▶ [WHAT THIS TASK INVOLVES]
Return the listing beneath precisely, with every line intact.

▶ [INPUT DATA]

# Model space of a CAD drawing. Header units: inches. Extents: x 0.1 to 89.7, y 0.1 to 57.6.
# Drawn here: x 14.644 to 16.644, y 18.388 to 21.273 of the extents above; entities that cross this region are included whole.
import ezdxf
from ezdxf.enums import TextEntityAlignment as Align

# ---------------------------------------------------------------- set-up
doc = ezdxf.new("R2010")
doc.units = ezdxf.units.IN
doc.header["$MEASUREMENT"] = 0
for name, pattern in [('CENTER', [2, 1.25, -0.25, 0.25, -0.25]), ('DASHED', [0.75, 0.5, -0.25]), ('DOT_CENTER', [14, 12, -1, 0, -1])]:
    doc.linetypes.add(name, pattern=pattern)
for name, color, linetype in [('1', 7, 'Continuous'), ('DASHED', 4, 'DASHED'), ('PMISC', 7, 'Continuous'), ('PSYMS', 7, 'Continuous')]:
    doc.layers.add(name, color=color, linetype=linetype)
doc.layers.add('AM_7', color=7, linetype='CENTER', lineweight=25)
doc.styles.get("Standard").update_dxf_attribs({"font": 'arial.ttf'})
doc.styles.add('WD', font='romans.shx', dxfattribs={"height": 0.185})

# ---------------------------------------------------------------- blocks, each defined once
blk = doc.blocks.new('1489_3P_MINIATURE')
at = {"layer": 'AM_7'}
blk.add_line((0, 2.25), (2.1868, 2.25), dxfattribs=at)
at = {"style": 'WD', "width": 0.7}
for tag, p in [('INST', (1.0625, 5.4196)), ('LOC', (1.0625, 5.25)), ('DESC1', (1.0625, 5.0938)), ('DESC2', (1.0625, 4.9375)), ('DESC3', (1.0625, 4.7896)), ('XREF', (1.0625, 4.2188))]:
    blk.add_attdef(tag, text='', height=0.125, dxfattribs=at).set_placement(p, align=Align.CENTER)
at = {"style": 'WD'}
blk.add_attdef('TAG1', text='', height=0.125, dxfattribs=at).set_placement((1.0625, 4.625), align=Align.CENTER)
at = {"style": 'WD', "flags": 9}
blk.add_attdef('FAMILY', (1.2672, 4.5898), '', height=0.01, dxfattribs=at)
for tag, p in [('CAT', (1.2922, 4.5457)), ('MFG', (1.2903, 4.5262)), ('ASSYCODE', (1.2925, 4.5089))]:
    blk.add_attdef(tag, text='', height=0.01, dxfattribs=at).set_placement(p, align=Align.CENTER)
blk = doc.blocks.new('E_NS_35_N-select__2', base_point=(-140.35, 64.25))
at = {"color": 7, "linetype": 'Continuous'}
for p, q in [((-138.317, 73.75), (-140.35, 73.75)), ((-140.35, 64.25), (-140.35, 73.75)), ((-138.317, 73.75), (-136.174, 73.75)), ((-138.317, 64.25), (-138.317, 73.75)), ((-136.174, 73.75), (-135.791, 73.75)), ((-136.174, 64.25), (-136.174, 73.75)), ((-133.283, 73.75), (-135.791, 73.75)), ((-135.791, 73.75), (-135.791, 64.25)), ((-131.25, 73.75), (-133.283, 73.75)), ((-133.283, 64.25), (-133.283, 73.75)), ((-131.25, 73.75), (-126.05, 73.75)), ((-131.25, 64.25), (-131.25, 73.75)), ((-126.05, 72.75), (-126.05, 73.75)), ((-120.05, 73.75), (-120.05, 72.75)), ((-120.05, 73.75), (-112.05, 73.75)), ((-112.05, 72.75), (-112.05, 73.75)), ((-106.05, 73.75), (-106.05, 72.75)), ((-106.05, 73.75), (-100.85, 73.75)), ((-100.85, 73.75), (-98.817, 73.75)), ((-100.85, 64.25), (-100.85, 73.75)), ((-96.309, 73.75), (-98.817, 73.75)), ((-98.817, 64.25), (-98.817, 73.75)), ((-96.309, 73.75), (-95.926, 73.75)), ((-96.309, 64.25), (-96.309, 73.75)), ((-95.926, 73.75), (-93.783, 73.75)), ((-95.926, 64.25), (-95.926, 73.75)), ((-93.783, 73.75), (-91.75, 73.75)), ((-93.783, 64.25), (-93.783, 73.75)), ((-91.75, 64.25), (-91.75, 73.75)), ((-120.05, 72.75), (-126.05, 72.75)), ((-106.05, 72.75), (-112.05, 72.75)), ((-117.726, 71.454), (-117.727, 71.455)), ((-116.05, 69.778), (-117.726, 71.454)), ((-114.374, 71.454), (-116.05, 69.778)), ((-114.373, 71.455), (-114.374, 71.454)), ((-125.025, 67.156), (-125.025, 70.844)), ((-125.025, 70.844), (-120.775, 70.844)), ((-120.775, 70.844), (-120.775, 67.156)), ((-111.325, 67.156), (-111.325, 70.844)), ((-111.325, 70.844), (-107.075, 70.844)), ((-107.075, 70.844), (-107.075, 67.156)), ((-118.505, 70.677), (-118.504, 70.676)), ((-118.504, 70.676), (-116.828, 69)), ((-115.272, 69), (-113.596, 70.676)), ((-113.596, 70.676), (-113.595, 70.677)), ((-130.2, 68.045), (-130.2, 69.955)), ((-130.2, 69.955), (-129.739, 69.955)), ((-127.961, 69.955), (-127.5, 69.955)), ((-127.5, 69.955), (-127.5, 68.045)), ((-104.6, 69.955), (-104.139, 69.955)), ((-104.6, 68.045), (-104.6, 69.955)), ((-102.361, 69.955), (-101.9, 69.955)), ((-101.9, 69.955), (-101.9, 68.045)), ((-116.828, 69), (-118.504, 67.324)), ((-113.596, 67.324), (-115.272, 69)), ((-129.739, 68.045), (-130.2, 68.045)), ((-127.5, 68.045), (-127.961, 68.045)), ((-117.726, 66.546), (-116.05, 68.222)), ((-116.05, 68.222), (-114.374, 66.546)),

▶ [RESPONSE TO THE TASK]
# Model space of a CAD drawing. Header units: inches. Extents: x 0.1 to 89.7, y 0.1 to 57.6.
# Drawn here: x 14.644 to 16.644, y 18.388 to 21.273 of the extents above; entities that cross this region are included whole.
import ezdxf
from ezdxf.enums import TextEntityAlignment as Align

# ---------------------------------------------------------------- set-up
doc = ezdxf.new("R2010")
doc.units = ezdxf.units.IN
doc.header["$MEASUREMENT"] = 0
for name, pattern in [('CENTER', [2, 1.25, -0.25, 0.25, -0.25]), ('DASHED', [0.75, 0.5, -0.25]), ('DOT_CENTER', [14, 12, -1, 0, -1])]:
    doc.linetypes.add(name, pattern=pattern)
for name, color, linetype in [('1', 7, 'Continuous'), ('DASHED', 4, 'DASHED'), ('PMISC', 7, 'Continuous'), ('PSYMS', 7, 'Continuous')]:
    doc.layers.add(name, color=color, linetype=linetype)
doc.layers.add('AM_7', color=7, linetype='CENTER', lineweight=25)
doc.styles.get("Standard").update_dxf_attribs({"font": 'arial.ttf'})
doc.styles.add('WD', font='romans.shx', dxfattribs={"height": 0.185})

# ---------------------------------------------------------------- blocks, each defined once
blk = doc.blocks.new('1489_3P_MINIATURE')
at = {"layer": 'AM_7'}
blk.add_line((0, 2.25), (2.1868, 2.25), dxfattribs=at)
at = {"style": 'WD', "width": 0.7}
for tag, p in [('INST', (1.0625, 5.4196)), ('LOC', (1.0625, 5.25)), ('DESC1', (1.0625, 5.0938)), ('DESC2', (1.0625, 4.9375)), ('DESC3', (1.0625, 4.7896)), ('XREF', (1.0625, 4.2188))]:
    blk.add_attdef(tag, text='', height=0.125, dxfattribs=at).set_placement(p, align=Align.CENTER)
at = {"style": 'WD'}
blk.add_attdef('TAG1', text='', height=0.125, dxfattribs=at).set_placement((1.0625, 4.625), align=Align.CENTER)
at = {"style": 'WD', "flags": 9}
blk.add_attdef('FAMILY', (1.2672, 4.5898), '', height=0.01, dxfattribs=at)
for tag, p in [('CAT', (1.2922, 4.5457)), ('MFG', (1.2903, 4.5262)), ('ASSYCODE', (1.2925, 4.5089))]:
    blk.add_attdef(tag, text='', height=0.01, dxfattribs=at).set_placement(p, align=Align.CENTER)
blk = doc.blocks.new('E_NS_35_N-select__2', base_point=(-140.35, 64.25))
at = {"color": 7, "linetype": 'Continuous'}
for p, q in [((-138.317, 73.75), (-140.35, 73.75)), ((-140.35, 64.25), (-140.35, 73.75)), ((-138.317, 73.75), (-136.174, 73.75)), ((-138.317, 64.25), (-138.317, 73.75)), ((-136.174, 73.75), (-135.791, 73.75)), ((-136.174, 64.25), (-136.174, 73.75)), ((-133.283, 73.75), (-135.791, 73.75)), ((-135.791, 73.75), (-135.791, 64.25)), ((-131.25, 73.75), (-133.283, 73.75)), ((-133.283, 64.25), (-133.283, 73.75)), ((-131.25, 73.75), (-126.05, 73.75)), ((-131.25, 64.25), (-131.25, 73.75)), ((-126.05, 72.75), (-126.05, 73.75)), ((-120.05, 73.75), (-120.05, 72.75)), ((-120.05, 73.75), (-112.05, 73.75)), ((-112.05, 72.75), (-112.05, 73.75)), ((-106.05, 73.75), (-106.05, 72.75)), ((-106.05, 73.75), (-100.85, 73.75)), ((-100.85, 73.75), (-98.817, 73.75)), ((-100.85, 64.25), (-100.85, 73.75)), ((-96.309, 73.75), (-98.817, 73.75)), ((-98.817, 64.25), (-98.817, 73.75)), ((-96.309, 73.75), (-95.926, 73.75)), ((-96.309, 64.25), (-96.309, 73.75)), ((-95.926, 73.75), (-93.783, 73.75)), ((-95.926, 64.25), (-95.926, 73.75)), ((-93.783, 73.75), (-91.75, 73.75)), ((-93.783, 64.25), (-93.783, 73.75)), ((-91.75, 64.25), (-91.75, 73.75)), ((-120.05, 72.75), (-126.05, 72.75)), ((-106.05, 72.75), (-112.05, 72.75)), ((-117.726, 71.454), (-117.727, 71.455)), ((-116.05, 69.778), (-117.726, 71.454)), ((-114.374, 71.454), (-116.05, 69.778)), ((-114.373, 71.455), (-114.374, 71.454)), ((-125.025, 67.156), (-125.025, 70.844)), ((-125.025, 70.844), (-120.775, 70.844)), ((-120.775, 70.844), (-120.775, 67.156)), ((-111.325, 67.156), (-111.325, 70.844)), ((-111.325, 70.844), (-107.075, 70.844)), ((-107.075, 70.844), (-107.075, 67.156)), ((-118.505, 70.677), (-118.504, 70.676)), ((-118.504, 70.676), (-116.828, 69)), ((-115.272, 69), (-113.596, 70.676)), ((-113.596, 70.676), (-113.595, 70.677)), ((-130.2, 68.045), (-130.2, 69.955)), ((-130.2, 69.955), (-129.739, 69.955)), ((-127.961, 69.955), (-127.5, 69.955)), ((-127.5, 69.955), (-127.5, 68.045)), ((-104.6, 69.955), (-104.139, 69.955)), ((-104.6, 68.045), (-104.6, 69.955)), ((-102.361, 69.955), (-101.9, 69.955)), ((-101.9, 69.955), (-101.9, 68.045)), ((-116.828, 69), (-118.504, 67.324)), ((-113.596, 67.324), (-115.272, 69)), ((-129.739, 68.045), (-130.2, 68.045)), ((-127.5, 68.045), (-127.961, 68.045)), ((-117.726, 66.546), (-116.05, 68.222)), ((-116.05, 68.222), (-114.374, 66.546)),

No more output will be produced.